# Becca, to me.



## ksotto333 (Aug 3, 2011)

Setting the scene first, we live in the country, surrounded by soybeans fields and a harvested corn field across the road. Anyways I put up Christmas lights today and went out after dark to see how they looked. Its a clear quiet night, after Bec and I walked around to the front all of the sudden I could hear a lot of noise in the corn stalks. Becca and I looked at each other and towards the road. I called her, to me Bec! She didn't hesitate a bit coming although she kept looking across the road. I took her in, got the good flashlight, there we were at least 6 deer moving away to the woods. She's a good girl and I don't share much about her on here.


----------



## dogfaeries (Feb 22, 2010)

Such a good girl, and so pretty!


----------



## ksotto333 (Aug 3, 2011)

dogfaeries said:


> Such a good girl, and so pretty!


She still looks like a skinny alien to me.😂 I do think she has a pretty face and profile.


----------



## dogfaeries (Feb 22, 2010)

ksotto333 said:


> She still looks like a skinny alien to me. I do think she has a pretty face and profile.


Nora is skinny as a rail. Becca will fill out eventually! You’re just used to those coated dogs, lol.


----------



## jarn (Jul 18, 2007)

Good girl Becca! That is such a nice brag.


----------



## ksotto333 (Aug 3, 2011)

jarn said:


> Good girl Becca! That is such a nice brag.


Thanks. She's always good, but the dark and strange noises were quite the test. I imagine she could smell them too.


----------



## wolfy dog (Aug 1, 2012)

That's impressive. Brag-worthy!
Sweet picture with the cat. I am desperate for a cat.


----------



## ksotto333 (Aug 3, 2011)

wolfy dog said:


> That's impressive. Brag-worthy!
> Sweet picture with the cat. I am desperate for a cat.


Becca is good with them, but is still the irritating little sister some days. Grooming is a nightly process.


----------



## Barrie (Jul 5, 2021)

What a lovely girl.


----------



## Rabidwolfie (Apr 9, 2021)

What a good girl! She earned herself a snausage!


----------



## Sabis mom (Mar 20, 2014)

What a good girl! And so pretty!


----------



## Sunsilver (Apr 8, 2014)

Having had one dog get lost overnight, and another one be lost for several hours as a result of chasing deer, that's WONDERFUL!

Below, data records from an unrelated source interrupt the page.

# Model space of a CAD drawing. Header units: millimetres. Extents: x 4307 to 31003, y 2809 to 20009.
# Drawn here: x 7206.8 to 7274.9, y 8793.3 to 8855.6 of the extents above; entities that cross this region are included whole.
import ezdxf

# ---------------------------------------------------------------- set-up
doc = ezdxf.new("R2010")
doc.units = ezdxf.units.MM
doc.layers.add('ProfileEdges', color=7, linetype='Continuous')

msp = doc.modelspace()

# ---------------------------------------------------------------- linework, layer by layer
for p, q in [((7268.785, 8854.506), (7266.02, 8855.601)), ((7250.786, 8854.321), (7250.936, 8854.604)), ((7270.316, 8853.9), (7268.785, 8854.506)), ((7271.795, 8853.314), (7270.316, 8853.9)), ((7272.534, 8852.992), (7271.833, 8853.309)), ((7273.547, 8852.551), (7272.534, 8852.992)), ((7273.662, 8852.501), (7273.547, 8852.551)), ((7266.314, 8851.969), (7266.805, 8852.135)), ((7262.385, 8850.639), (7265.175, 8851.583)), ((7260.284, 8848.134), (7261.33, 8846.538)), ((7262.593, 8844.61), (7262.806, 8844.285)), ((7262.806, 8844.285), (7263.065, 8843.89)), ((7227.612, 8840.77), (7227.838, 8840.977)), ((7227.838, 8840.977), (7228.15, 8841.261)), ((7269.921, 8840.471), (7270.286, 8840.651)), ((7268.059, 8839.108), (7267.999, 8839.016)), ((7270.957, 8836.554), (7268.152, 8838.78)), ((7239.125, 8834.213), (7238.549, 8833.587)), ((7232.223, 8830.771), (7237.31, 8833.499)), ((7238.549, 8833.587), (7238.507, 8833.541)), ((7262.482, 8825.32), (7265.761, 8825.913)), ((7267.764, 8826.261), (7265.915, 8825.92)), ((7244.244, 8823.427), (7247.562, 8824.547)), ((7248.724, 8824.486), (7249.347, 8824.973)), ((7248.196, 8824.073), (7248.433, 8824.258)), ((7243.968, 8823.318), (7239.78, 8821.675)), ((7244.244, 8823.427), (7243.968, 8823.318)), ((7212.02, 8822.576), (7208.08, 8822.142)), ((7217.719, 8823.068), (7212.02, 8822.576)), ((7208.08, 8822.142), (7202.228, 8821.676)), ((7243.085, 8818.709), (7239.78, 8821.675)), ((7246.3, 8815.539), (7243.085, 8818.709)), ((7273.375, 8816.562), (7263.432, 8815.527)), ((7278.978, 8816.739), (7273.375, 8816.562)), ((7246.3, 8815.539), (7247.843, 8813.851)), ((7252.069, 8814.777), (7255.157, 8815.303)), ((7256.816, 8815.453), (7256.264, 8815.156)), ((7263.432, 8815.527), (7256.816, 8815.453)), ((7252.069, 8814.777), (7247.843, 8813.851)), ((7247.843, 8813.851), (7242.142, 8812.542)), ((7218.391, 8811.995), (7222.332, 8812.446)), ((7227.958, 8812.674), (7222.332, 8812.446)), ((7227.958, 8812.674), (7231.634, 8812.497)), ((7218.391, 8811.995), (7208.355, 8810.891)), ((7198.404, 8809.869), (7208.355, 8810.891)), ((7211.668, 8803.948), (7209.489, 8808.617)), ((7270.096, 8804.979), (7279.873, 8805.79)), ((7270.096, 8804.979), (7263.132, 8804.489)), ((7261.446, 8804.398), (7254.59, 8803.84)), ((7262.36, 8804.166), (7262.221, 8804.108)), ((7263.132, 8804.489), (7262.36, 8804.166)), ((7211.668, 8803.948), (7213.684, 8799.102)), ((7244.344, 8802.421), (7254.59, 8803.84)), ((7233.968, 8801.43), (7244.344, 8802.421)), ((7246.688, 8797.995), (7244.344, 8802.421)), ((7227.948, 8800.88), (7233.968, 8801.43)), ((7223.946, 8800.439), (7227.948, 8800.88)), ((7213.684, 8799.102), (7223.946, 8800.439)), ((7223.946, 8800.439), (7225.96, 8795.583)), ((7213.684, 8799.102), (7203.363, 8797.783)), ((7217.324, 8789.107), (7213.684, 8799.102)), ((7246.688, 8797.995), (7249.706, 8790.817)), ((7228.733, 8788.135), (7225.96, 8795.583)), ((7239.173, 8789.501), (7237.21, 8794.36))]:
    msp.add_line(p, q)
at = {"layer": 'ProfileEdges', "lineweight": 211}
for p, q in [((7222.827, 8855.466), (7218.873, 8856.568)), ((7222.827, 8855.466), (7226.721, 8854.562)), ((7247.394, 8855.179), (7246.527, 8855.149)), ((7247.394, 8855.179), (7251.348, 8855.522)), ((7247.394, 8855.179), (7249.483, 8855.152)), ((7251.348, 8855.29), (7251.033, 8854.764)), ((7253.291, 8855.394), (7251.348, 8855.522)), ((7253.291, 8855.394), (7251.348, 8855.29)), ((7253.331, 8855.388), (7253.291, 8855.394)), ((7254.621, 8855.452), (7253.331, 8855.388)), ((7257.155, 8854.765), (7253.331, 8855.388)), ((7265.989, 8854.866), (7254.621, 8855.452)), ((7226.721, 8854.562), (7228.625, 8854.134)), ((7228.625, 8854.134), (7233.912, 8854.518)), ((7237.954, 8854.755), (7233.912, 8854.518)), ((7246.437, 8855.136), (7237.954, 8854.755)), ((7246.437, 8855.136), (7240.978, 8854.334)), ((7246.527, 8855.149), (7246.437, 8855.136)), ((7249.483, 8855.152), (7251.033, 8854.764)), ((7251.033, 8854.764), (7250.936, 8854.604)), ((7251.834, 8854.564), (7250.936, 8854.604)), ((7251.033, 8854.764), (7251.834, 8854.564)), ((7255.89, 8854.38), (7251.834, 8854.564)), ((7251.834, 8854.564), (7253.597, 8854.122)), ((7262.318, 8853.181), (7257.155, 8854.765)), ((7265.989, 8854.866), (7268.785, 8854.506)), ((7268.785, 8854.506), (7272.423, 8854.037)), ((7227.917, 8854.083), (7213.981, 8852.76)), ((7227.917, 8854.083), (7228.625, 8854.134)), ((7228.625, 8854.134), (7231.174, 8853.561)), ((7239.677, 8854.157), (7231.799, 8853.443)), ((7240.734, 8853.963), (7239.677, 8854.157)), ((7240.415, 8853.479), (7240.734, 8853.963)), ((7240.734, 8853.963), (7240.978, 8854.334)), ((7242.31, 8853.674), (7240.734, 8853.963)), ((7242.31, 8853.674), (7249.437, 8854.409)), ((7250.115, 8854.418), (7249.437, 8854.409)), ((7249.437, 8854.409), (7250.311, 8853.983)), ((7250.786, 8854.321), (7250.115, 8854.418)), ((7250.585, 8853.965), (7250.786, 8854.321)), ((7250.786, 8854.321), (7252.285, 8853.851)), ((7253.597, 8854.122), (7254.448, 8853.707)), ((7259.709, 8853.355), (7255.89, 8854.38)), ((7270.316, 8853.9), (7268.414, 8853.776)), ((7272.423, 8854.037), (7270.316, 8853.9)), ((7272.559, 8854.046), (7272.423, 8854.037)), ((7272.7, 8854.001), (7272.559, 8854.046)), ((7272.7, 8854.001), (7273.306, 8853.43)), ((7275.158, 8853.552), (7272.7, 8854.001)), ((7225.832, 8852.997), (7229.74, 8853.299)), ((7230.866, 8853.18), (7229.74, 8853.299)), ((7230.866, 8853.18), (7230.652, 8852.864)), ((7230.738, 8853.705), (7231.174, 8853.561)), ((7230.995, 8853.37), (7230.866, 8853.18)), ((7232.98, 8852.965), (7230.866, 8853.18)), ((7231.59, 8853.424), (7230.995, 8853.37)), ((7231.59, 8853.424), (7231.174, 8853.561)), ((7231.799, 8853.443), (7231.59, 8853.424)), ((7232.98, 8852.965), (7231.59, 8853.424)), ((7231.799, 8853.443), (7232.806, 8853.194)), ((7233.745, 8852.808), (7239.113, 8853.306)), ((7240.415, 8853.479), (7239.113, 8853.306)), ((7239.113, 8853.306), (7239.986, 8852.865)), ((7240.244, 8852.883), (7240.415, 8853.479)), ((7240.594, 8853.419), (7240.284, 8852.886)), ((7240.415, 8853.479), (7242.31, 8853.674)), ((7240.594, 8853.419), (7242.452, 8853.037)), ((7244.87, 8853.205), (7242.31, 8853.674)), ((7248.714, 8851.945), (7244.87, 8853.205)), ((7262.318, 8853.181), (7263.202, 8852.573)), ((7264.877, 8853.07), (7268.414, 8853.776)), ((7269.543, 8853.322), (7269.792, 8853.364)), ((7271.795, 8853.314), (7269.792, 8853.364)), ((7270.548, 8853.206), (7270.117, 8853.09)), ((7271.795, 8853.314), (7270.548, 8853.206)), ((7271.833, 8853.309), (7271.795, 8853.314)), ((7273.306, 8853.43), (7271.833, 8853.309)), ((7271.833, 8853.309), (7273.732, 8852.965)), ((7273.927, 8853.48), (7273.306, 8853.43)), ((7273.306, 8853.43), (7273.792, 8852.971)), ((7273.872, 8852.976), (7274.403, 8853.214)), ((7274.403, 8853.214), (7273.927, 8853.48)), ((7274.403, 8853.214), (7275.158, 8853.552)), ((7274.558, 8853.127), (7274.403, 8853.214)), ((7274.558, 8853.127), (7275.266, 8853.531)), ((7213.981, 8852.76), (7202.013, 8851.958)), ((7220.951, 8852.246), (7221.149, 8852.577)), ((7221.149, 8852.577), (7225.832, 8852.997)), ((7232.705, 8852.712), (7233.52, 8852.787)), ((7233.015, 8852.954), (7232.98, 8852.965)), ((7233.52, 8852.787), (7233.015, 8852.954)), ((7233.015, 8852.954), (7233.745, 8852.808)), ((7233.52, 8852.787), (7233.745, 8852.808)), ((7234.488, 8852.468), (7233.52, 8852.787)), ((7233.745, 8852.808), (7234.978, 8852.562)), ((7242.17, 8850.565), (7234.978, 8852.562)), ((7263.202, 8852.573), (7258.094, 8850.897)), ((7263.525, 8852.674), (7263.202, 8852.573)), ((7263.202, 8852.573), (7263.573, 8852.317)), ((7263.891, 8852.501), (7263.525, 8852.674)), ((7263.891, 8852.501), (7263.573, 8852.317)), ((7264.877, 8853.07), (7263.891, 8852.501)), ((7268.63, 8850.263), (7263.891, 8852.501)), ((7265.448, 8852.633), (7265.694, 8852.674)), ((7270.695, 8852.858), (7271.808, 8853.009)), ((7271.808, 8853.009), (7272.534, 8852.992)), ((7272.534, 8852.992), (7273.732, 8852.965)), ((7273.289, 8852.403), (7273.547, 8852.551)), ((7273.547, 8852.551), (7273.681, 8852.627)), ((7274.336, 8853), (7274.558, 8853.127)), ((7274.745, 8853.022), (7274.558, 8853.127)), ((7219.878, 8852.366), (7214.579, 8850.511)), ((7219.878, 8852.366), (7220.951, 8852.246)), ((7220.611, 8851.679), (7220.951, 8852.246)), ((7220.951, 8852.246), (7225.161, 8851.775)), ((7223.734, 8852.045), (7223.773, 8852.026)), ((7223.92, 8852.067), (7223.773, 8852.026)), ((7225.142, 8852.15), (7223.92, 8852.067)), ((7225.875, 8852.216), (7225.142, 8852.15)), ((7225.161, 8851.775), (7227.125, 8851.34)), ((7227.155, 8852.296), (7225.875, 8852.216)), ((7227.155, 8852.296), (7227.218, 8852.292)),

At least Tasha obeyed the night we encountered a skunk while she was off leash, though there were 3 other times she didn't, which is how I found out that the Skunk Remedy (peroxide and baking soda) REALLY does work!


----------



## Squidwardp (Oct 15, 2019)

Good girl! And a really pretty one. 
Our two have not encountered a deer within close range. They still lose their mind over our cows, though I did get Rose to platz and remain calm while onleash with the cow herd within about 40 feet. Baby steps . . .


----------



## banzai555 (Sep 2, 2019)

This post keeps throwing me off whenever I see it cuz uh....that's....my name....

Didn't realize Becca would ever be considered as a dog name, haha.


----------



## Galathiel (Nov 30, 2012)

Such a good girl ... photogenic too! You can't call grooming irritating if the cat sticks around for it ... that's just being obliging!


----------



## ksotto333 (Aug 3, 2011)

banzai555 said:


> This post keeps throwing me off whenever I see it cuz uh....that's....my name....
> 
> Didn't realize Becca would ever be considered as a dog name, haha.


Fairly deep in her pedigree is a Beckett and we drive through Beckley,WV to pick up our girls. Just seemed to fit. 😉 And my husband didn't like Quinn.


----------



## ksotto333 (Aug 3, 2011)

Galathiel said:


> Such a good girl ... photogenic too! You can't call grooming irritating if the cat sticks around for it ... that's just being obliging!


Oh there are days of annoying behavior, the cats start it I think and then act all innocent. 🤔


----------



## Sunsilver (Apr 8, 2014)

ksotto333 said:


> Oh there are days of annoying behavior, the cats start it I think and then act all innocent. 🤔


Typical! I'll be feeling sorry for my poor cat getting mauled by my GSD, and then he'll stick his paw out and swat her as she's innocently walking past!


----------



## wolfy dog (Aug 1, 2012)

Like the two Siamese in Lady and the Tramp. It's why I love cats.


----------



## Galathiel (Nov 30, 2012)

Yup, cats are awesome. My cat will YOWL a complaint if the dog sniffs her, then she'll charge up to him and run away or bite his ears if he's lying down or they're in range. Other times, she'll randomly rub against his face as he thumps his tail in adoration (he LOVES her .. he's just plays like a jerk).


----------



## Nikki&matt (Nov 6, 2021)

Adorable and cute🥰. How long did it take for your gsd and cat to get on?


----------



## ksotto333 (Aug 3, 2011)

We got the cats as kittens when the other shepherds were older so they grew up unafraid of the dogs. When we got the puppy she just grew up with them.


----------